Description
Paper presented at the panel "Mixed Loyalties? German Minorities between Nationalism, Solidarity, and Fascism (1920s-1940s)" co-organised by Kasper Braskén (Åbo Akademi University, Finland) and Swen Steinberg (Carleton University, Canada) at the FORTY-FIFTH GERMAN STUDIES ASSOCIATION ANNUAL CONFERENCE, INDIANAPOLIS, USA, 3 OCTOBER 2021.Additionaldescription
Paper abstract:During the 1930s New York City was the home of over 350.000 immigrants of German or Austrian decent. Still, although New York was the largest recipient and transit point of German and Central European anti-fascist exiles and refugees, the openly Nazi organisation German American Bund (Bund) had more members in New York City than anywhere else in the USA. Yorkville, a predominantly German area of Upper East Side of Manhattan, was also the location of the Bund’s US headquarters.

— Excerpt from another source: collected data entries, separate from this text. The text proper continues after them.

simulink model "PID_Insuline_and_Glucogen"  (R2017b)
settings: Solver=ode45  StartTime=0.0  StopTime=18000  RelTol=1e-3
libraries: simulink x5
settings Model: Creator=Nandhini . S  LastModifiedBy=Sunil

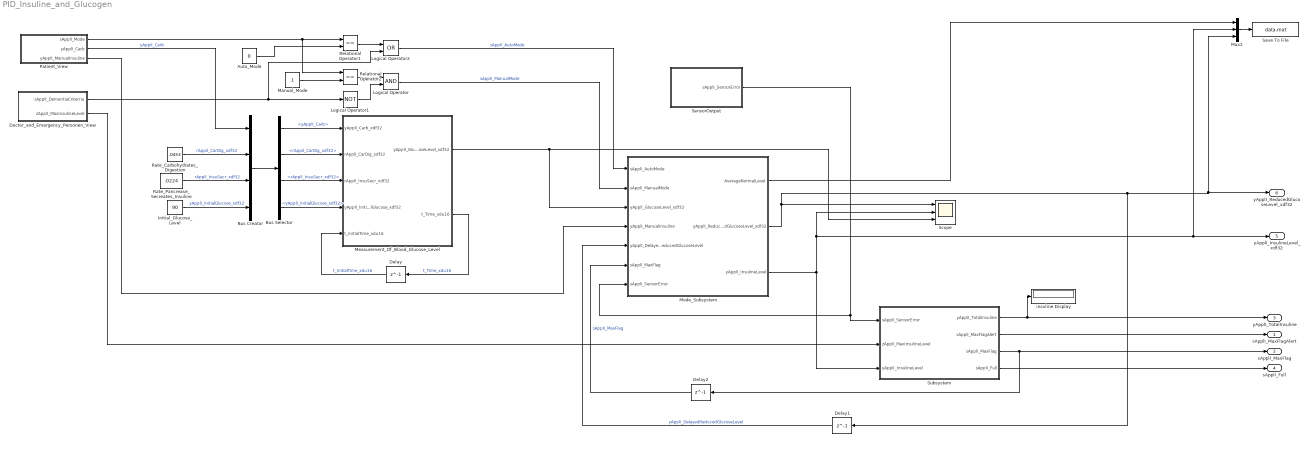
== system PID_Insuline_and_Glucogen ==
  Auto_Mode : Constant  Value=0
  Bus Creator : BusCreator  Inputs=4
  Bus Selector : BusSelector  OutputSignals=yApplI_Carb,rApplI_CarDig_xdf32,rApplI_InsuSecr_xdf32,yApplI_InitialGlucose_xdf32
  Delay : Delay  DelayLength=1  InitialCondition=0  SampleTime=60
  Delay1 : Delay  DelayLength=1  InitialCondition=0  SampleTime=1
  Delay2 : Delay  DelayLength=1  InitialCondition=0  SampleTime=1
  Doctor_and_Emergency_Personen_View : Subsystem
  Initial_Glucose_Level : Constant  Value=90
  Logical Operator : Logic  AllPortsSameDT=off  OutDataTypeStr=boolean
  Logical Operator1 : Logic  Operator=NOT  AllPortsSameDT=off  OutDataTypeStr=boolean
  Logical Operator2 : Logic  Operator=OR  AllPortsSameDT=off  OutDataTypeStr=boolean
  Manual_Mode : Constant
  Measurement_Of_Blood_Glucose_Level : Subsystem
  Mode_Subsystem : Subsystem
  Mux2 : Mux  Inputs=3
  Patient_View : Subsystem
  Rate_Carbohydrates_Digestion : Constant  Value=.0453
  Rate_Pancrease_Secreates_Insuline : Constant  Value=.0224
  Relational Operator1 : RelationalOperator  Operator===  OutDataTypeStr=boolean  RndMeth=Simplest
  Relational Operator2 : RelationalOperator  Operator===  OutDataTypeStr=boolean  RndMeth=Simplest
  Save To File : ToFile  Filename=data.mat  MatrixName=diabetic
  Scope : Scope  NumInputPorts=3
  SensorOutput : Subsystem
  Subsystem : Subsystem
  insuline Display : Display
  sApplI_MaxFlagAlert : Outport
  sApplI_MaxFlag : Outport  Port=2
  yApplI_TotalInsuline : Outport  Port=3
  sApplI_Full : Outport  Port=4
  yApplI_InsulineLevel_xdf32 : Outport  Port=5
  yApplI_ReducedGlucoseLevel_xdf32 : Outport  Port=6  InitialOutput=[0]
  wires:
  Bus Selector/4 -> Measurement_Of_Blood_Glucose_Level/4(yApplI_InitialGlucose_xdf32)  "<yApplI_InitialGlucose_xdf32>"
  Bus Selector/1 -> Measurement_Of_Blood_Glucose_Level/1(yApplI_Carb_xdf32)  "<yApplI_Carb>"
  Bus Creator/1 -> Bus Selector/1
  Bus Selector/2 -> Measurement_Of_Blood_Glucose_Level/2(rApplI_CarDig_xdf32)  "<rApplI_CarDig_xdf32>"
  Initial_Glucose_Level/1 -> Bus Creator/4  "yApplI_InitialGlucose_xdf32"
  Bus Selector/3 -> Measurement_Of_Blood_Glucose_Level/3(rApplI_InsuSecr_xdf32)  "<rApplI_InsuSecr_xdf32>"
  Rate_Pancrease_Secreates_Insuline/1 -> Bus Creator/3  "rApplI_InsuSecr_xdf32"
  Rate_Carbohydrates_Digestion/1 -> Bus Creator/2  "rApplI_CarDig_xdf32"
  Patient_View/2(yApplI_Carb) -> Bus Creator/1  "yApplI_Carb"
  Measurement_Of_Blood_Glucose_Level/1(yApplI_GlucoseLevel_xdf32) -> Mode_Subsystem/3(yApplI_GlucoseLevel_xdf32), Scope/3
  Relational Operator2/1 -> Logical Operator/1
  Auto_Mode/1 -> Relational Operator1/2
  Logical Operator1/1 -> Logical Operator/2
  Manual_Mode/1 -> Relational Operator2/2
  Relational Operator1/1 -> Logical Operator2/1
  Patient_View/1(sApplI_Mode) -> Relational Operator2/1, Relational Operator1/1
  Doctor_and_Emergency_Personen_View/1(sApplI_DementiaCriterria) -> Logical Operator2/2, Logical Operator1/1
  Doctor_and_Emergency_Personen_View/2(zApplI_MaxInsulineLevel) -> Subsystem/2(zApplI_MaxInsulineLevel)
  Subsystem/2(sApplI_MaxFlagAlert) -> sApplI_MaxFlagAlert/1
  Subsystem/3(sApplI_MaxFlag) -> Delay2/1, sApplI_MaxFlag/1
  Logical Operator2/1 -> Mode_Subsystem/1(sApplI_AutoMode)  "sApplI_AutoMode"
  Logical Operator/1 -> Mode_Subsystem/2(sApplI_ManualMode)  "sApplI_ManualMode"
  Patient_View/3(yApplI_ManualInsuline) -> Mode_Subsystem/4(yApplI_ManualInsuline)
  Mode_Subsystem/3(yApplI_InsulineLevel) -> Subsystem/3(yApplI_InsulineLevel), Mux2/2, yApplI_InsulineLevel_xdf32/1, Scope/2
  Mode_Subsystem/2(yApplI_ReducedGlucoseLevel_xdf32) -> Mux2/3, yApplI_ReducedGlucoseLevel_xdf32/1, Delay1/1, Scope/1
  Subsystem/1(yApplI_TotalInsuline) -> insuline Display/1, yApplI_TotalInsuline/1
  Subsystem/4(sApplI_Full) -> sApplI_Full/1
  SensorOutput/1(sApplI_SensorError) -> Mode_Subsystem/7(sApplI_SensorError), Subsystem/1(sApplI_SensorError)
  Mux2/1 -> Save To File/1
  Mode_Subsystem/1(AverageNormalLevel) -> Mux2/1
  Delay1/1 -> Mode_Subsystem/5(yApplI_DelayedReducedGlucoseLevel)  "yApplI_DelayedReducedGlucoseLevel"
  Measurement_Of_Blood_Glucose_Level/2(t_Time_xdu16) -> Delay/1  "t_Time_xdu16"
  Delay/1 -> Measurement_Of_Blood_Glucose_Level/5(t_InitialTime_xdu16)  "t_InitialTime_xdu16"
  Delay2/1 -> Mode_Subsystem/6(sApplI_MaxFlag)  "sApplI_MaxFlag"

== system PID_Insuline_and_Glucogen/Doctor_and_Emergency_Personen_View ==
  Dementia_Criteria : Constant  Value=0
  Man_Insuline_Level : Constant  Value=30000
  sApplI_DementiaCriterria : Outport
  zApplI_MaxInsulineLevel : Outport  Port=2
  wires:
  Dementia_Criteria/1 -> sApplI_DementiaCriterria/1  "sApplI_DementiaCriterria"
  Man_Insuline_Level/1 -> zApplI_MaxInsulineLevel/1  "zApplI_MaxInsulineLevel"

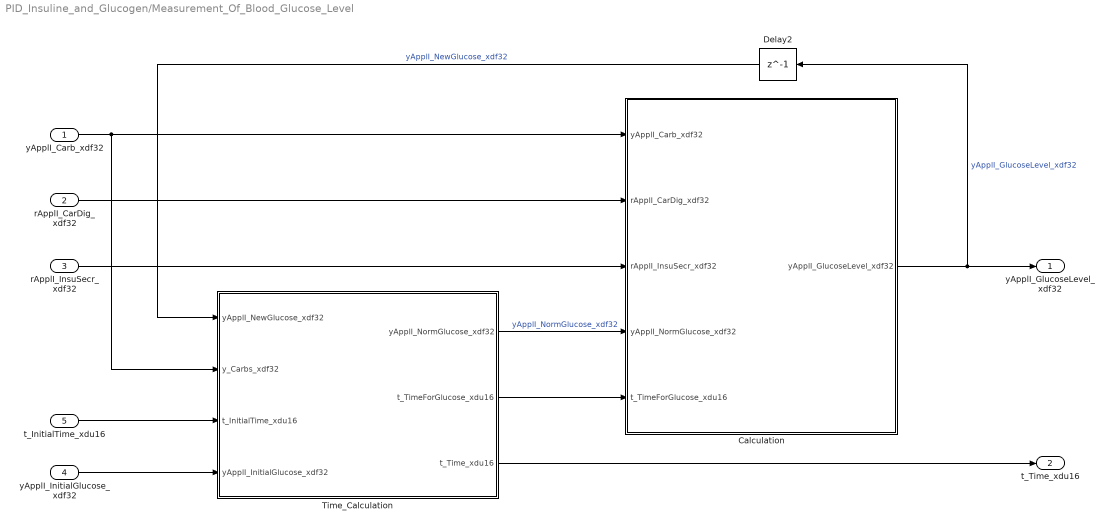
== system PID_Insuline_and_Glucogen/Measurement_Of_Blood_Glucose_Level ==
  yApplI_Carb_xdf32 : Inport
  rApplI_CarDig_xdf32 : Inport  Port=2
  rApplI_InsuSecr_xdf32 : Inport  Port=3
  yApplI_InitialGlucose_xdf32 : Inport  Port=4
  t_InitialTime_xdu16 : Inport  Port=5
  Calculation : Subsystem
  Delay2 : Delay  DelayLength=1  InitialCondition=0  SampleTime=60
  Time_Calculation : Subsystem
  yApplI_GlucoseLevel_xdf32 : Outport
  t_Time_xdu16 : Outport  Port=2
  wires:
  yApplI_Carb_xdf32/1 -> Calculation/1(yApplI_Carb_xdf32), Time_Calculation/2(y_Carbs_xdf32)
  rApplI_CarDig_xdf32/1 -> Calculation/2(rApplI_CarDig_xdf32)
  rApplI_InsuSecr_xdf32/1 -> Calculation/3(rApplI_InsuSecr_xdf32)
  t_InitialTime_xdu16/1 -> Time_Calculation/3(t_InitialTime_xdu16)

While German-Americans were integrating to American society, the Third Reich perceived the global German diaspora integrally bound to Germany. The new emphasis on their “German blood” that connected them to the eternal Reich demanded also a new level of loyalty and displays of sympathy. In many cases German-Americans indeed felt pride in the new strength displayed by Nazi Germany after years of political turmoil offered by the “weak” Weimar Republic. German-Americans were after 1933 thrown into a battle over loyalties and solidarities where the sympathisers of the Third Reich spoke of the necessity to prevail a Volksbund among the German Americans, based on the primacy of the “German race” that was not removed by American citizenship. Parallel to these developments a number of German-American communists, socialists and progressives were together with German anti-fascist exiles calling for the primacy of a German anti-fascist Volksfront in the USA. They argued that “Hitler was not Germany” and that that for the Germans in America it was possible to be both anti-fascist and show allegiance to the German people and the German working classes all the while denouncing German Nazism.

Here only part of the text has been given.